Fault Tolerance

This document describes the handling of failures in Ray.

Machine and Process Failures

Currently, each local scheduler and each plasma manager send heartbeats to a monitor process. If the monitor does not receive any heartbeats from a given process for some duration of time (about ten seconds), then it will mark that process as dead. The monitor process will then clean up the associated state in the Redis servers. If a manager is marked as dead, the object table will be updated to remove all occurrences of that manager so that other managers don’t try to fetch objects from the dead manager.
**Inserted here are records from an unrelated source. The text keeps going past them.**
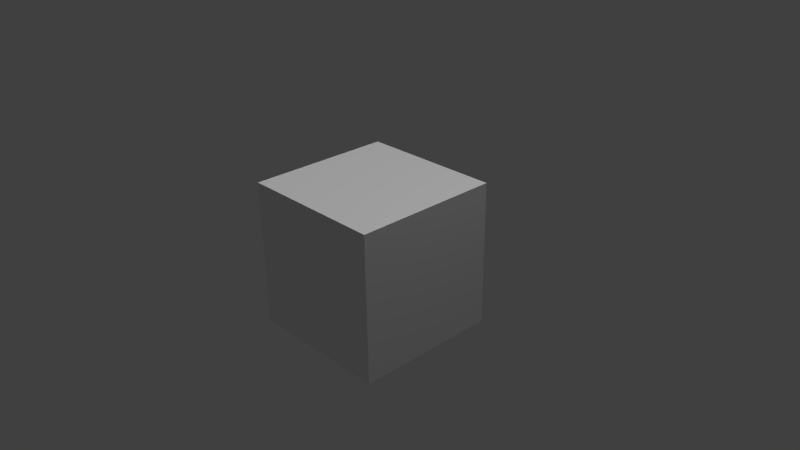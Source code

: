 # Source: textured_cube.blend  (saved by Blender 2.76.0; exported with 4.5.12 LTS)
import bpy
from mathutils import Matrix  # noqa: F401  (used for matrix-valued properties, if any)

bpy.ops.wm.read_factory_settings(use_empty=True)
scene = bpy.context.scene
scene.name = 'Scene'

# ---- collections
col_collection_1 = bpy.data.collections.new('Collection 1'); scene.collection.children.link(col_collection_1)

# ---- materials (node trees are filled in below, after node groups)
mat_cube_material = bpy.data.materials.new('cube_material')
mat_cube_material.alpha_threshold = 0.0
mat_cube_material.use_transparent_shadow = False
mat_cube_material.roughness = 0.5

# ---- material node trees

# ---- world
world_world = bpy.data.worlds.new('World'); scene.world = world_world
world_world.color = (0.05088, 0.05088, 0.05088)
world_world.use_sun_shadow = False
world_world.sun_shadow_jitter_overblur = 0.0
world_world.cycles.sampling_method = 'MANUAL'
world_world.cycles.sample_map_resolution = 256

# ---- cameras
cam_camera = bpy.data.cameras.new('Camera')
cam_camera.clip_end = 100.0
cam_camera.lens = 35.0
cam_camera.sensor_width = 32.0
cam_camera.sensor_height = 18.0
cam_camera.ortho_scale = 7.314
cam_camera.dof.focus_distance = 0.0
cam_camera.dof.aperture_fstop = 128.0

# ---- lights
light_sun = bpy.data.lights.new('Sun', 'SUN')
light_sun.transmission_factor = 0.0
light_sun.angle = 0.1993
light_sun.energy = 1.0
light_sun.shadow_buffer_clip_start = 0.5
light_sun.shadow_soft_size = 0.1
light_sun.shadow_cascade_max_distance = 1000.0
light_sun.cycles.use_multiple_importance_sampling = False
light_lamp = bpy.data.lights.new('Lamp', 'POINT')
light_lamp.transmission_factor = 0.0
light_lamp.cutoff_distance = 30.0
light_lamp.energy = 100.0
light_lamp.shadow_buffer_clip_start = 1.001
light_lamp.shadow_soft_size = 0.1
light_lamp.shadow_maximum_resolution = 0.006
light_lamp.use_absolute_resolution = True
light_lamp.cycles.use_multiple_importance_sampling = False

# ---- meshes
me_cube = bpy.data.meshes.new('cube')
me_cube.from_pydata([(-1.0, -1.0, -1.0), (-1.0, -1.0, 1.0), (-1.0, 1.0, -1.0), (-1.0, 1.0, 1.0), (1.0, -1.0, -1.0), (1.0, -1.0, 1.0), (1.0, 1.0, -1.0), (1.0, 1.0, 1.0)], [], [(1, 3, 2, 0), (3, 7, 6, 2), (7, 5, 4, 6), (5, 1, 0, 4), (0, 2, 6, 4), (5, 7, 3, 1)])
_uv = me_cube.uv_layers.new(name='UVMap')
_uv.uv.foreach_set('vector', [0.6602, 0.3295, 0.4935, 0.3295, 0.4935, -0.003824, 0.6602, -0.003825, 0.4935, 0.3295, 0.4935, 0.6627, 0.3269, 0.6627, 0.3269, 0.3295, 0.4935, 0.6627, 0.6602, 0.6627, 0.6602, 0.996, 0.4935, 0.996, 0.6602, 0.6627, 0.6602, 0.3295, 0.8268, 0.3295, 0.8268, 0.6627, 0.1602, 0.3295, 0.3269, 0.3295, 0.3269, 0.6627, 0.1602, 0.6627, 0.6602, 0.6627, 0.4935, 0.6627, 0.4935, 0.3295, 0.6602, 0.3295])
me_cube.materials.append(mat_cube_material)
me_cube.use_remesh_preserve_volume = False
me_cube.use_remesh_preserve_attributes = False
me_cube.use_mirror_vertex_groups = False
me_cube.update()

# ---- objects
ob_sun = bpy.data.objects.new('Sun', light_sun)
ob_cube = bpy.data.objects.new('Cube', me_cube)
ob_lamp = bpy.data.objects.new('Lamp', light_lamp)
ob_camera = bpy.data.objects.new('Camera', cam_camera)

# ---- transforms, parenting, visibility, modifiers, constraints
ob_sun.location = (-7.413, -4.581, 0.1753)
ob_sun.lineart.crease_threshold = 0.0
ob_cube.location = (0.0, 0.0, 0.0)
ob_cube.lineart.crease_threshold = 0.0
ob_lamp.location = (4.076, 1.005, 5.904)
ob_lamp.rotation_euler = (0.6503, 0.05522, 1.866)
ob_lamp.lock_rotations_4d = False
ob_lamp.empty_display_type = 'ARROWS'
ob_lamp.color = (0.0, 0.0, 0.0, 0.0)
ob_lamp.lineart.crease_threshold = 0.0
ob_camera.location = (7.481, -6.508, 5.344)
ob_camera.rotation_euler = (1.109, 0.01082, 0.8149)
ob_camera.lock_rotations_4d = False
ob_camera.empty_display_type = 'ARROWS'
ob_camera.color = (0.0, 0.0, 0.0, 0.0)
ob_camera.display_type = 'WIRE'
ob_camera.lineart.crease_threshold = 0.0

# ---- collection membership
col_collection_1.objects.link(ob_sun)
col_collection_1.objects.link(ob_cube)
col_collection_1.objects.link(ob_lamp)
col_collection_1.objects.link(ob_camera)

# ---- scene / render settings (as saved in the file)
scene.camera = ob_camera
scene.frame_start = 1; scene.frame_end = 250; scene.frame_set(11)
scene.render.engine = 'BLENDER_EEVEE_NEXT'
scene.render.resolution_percentage = 50
scene.render.dither_intensity = 0.0
scene.cycles.use_denoising = False
scene.cycles.samples = 10
scene.cycles.sampling_pattern = 'TABULATED_SOBOL'
scene.cycles.light_sampling_threshold = 0.0
scene.cycles.use_adaptive_sampling = False
scene.cycles.use_light_tree = False
scene.cycles.blur_glossy = 0.0
scene.cycles.pixel_filter_type = 'GAUSSIAN'
scene.cycles.sample_clamp_indirect = 0.0
scene.view_settings.view_transform = 'Standard'
bpy.context.view_layer.update()

If a local scheduler is marked as dead, all of the tasks that are marked as executing on that local scheduler in the task table will be marked as lost and all actors associated with that local scheduler will be recreated by other local schedulers.

Lost Objects

If an object is needed but is lost or was never created, then the task that created the object will be re-executed to create the object. If necessary, tasks needed to create the input arguments to the task being re-executed will also be re-executed.

Actors

When a local scheduler is marked as dead, all actors associated with that local scheduler that were still alive will be recreated by other local schedulers. By default, all of the actor methods will be re-executed in the same order that they were initially executed. If actor checkpointing is enabled, then the actor state will be loaded from the most recent checkpoint and the actor methods that occurred after the checkpoint will be re-executed. Note that actor checkpointing is currently an experimental feature.

Current Limitations

At the moment, Ray does not handle all failure scenarios. We are working on addressing these known problems.

Process Failures

  1. Ray does not recover from the failure of any of the following processes: a Redis server, the global scheduler, the monitor process.
  2. If a driver fails, that driver will not be restarted and the job will not complete.

Lost Objects

  1. If an object is constructed by a call to ray.put on the driver, is then evicted, and is later needed, Ray will not reconstruct this object.
  2. If an object is constructed by an actor method, is then evicted, and is later needed, Ray will not reconstruct this object.

Actor Reconstruction

  1. Actor reconstruction follows the order of initial execution, but new tasks may get interleaved with the re-executed tasks.